Segment Open

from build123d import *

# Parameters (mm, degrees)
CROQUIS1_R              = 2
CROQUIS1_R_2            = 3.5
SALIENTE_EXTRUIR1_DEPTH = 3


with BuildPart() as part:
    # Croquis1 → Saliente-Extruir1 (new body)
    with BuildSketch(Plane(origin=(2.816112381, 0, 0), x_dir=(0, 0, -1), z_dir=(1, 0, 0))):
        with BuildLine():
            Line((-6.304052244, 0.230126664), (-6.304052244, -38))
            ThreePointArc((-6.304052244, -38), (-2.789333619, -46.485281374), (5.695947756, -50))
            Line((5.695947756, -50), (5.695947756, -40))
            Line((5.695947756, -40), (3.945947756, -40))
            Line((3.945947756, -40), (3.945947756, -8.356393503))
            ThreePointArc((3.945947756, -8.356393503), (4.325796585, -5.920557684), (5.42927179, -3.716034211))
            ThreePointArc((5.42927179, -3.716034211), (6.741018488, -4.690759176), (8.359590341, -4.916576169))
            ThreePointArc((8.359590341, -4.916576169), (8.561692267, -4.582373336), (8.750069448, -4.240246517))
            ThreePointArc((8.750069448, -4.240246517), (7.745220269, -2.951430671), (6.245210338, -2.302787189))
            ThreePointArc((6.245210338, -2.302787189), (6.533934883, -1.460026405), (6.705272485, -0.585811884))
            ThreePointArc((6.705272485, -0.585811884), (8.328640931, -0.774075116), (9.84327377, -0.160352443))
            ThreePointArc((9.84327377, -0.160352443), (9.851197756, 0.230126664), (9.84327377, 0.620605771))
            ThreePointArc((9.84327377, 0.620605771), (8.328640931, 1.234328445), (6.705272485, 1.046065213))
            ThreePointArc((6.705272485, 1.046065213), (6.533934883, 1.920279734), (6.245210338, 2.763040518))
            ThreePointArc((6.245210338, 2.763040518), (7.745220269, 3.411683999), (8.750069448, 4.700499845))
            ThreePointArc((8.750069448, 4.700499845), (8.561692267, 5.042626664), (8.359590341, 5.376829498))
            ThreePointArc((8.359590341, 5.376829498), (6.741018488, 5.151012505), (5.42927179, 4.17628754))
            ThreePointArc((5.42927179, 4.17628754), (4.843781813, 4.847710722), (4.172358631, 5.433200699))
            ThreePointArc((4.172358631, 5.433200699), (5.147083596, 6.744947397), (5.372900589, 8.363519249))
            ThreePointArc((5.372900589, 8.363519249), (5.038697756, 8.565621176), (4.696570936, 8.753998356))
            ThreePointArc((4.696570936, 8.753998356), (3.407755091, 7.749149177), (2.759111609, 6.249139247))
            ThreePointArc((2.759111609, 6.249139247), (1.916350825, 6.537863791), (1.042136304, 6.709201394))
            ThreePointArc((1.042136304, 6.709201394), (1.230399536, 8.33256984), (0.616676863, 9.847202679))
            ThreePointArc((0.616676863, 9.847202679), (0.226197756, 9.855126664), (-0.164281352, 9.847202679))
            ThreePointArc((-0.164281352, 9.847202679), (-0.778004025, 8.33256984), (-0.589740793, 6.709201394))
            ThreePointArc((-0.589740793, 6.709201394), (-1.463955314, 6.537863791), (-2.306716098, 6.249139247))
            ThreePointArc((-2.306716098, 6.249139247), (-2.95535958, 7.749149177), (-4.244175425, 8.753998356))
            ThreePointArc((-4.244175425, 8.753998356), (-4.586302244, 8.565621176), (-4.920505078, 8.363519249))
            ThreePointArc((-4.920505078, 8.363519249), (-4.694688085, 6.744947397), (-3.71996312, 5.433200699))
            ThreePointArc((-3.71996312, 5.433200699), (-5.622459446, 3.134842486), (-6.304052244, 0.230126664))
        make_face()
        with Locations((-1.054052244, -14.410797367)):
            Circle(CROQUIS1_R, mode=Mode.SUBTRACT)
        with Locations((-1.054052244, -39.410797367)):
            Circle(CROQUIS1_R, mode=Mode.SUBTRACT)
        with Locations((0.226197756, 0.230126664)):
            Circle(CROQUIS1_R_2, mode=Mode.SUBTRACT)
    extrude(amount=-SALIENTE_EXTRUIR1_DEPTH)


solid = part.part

Segment Closed

**Prompt:**
Search the entries for the word "with", then copy every line in which it is found.

**Exercise output:**
with BuildPart() as part:
    with BuildSketch(Plane(origin=(2.816112381, 0, 0), x_dir=(0, 0, -1), z_dir=(1, 0, 0))):
        with BuildLine():
        with Locations((-1.054052244, -14.410797367)):
        with Locations((-1.054052244, -39.410797367)):
        with Locations((0.226197756, 0.230126664)):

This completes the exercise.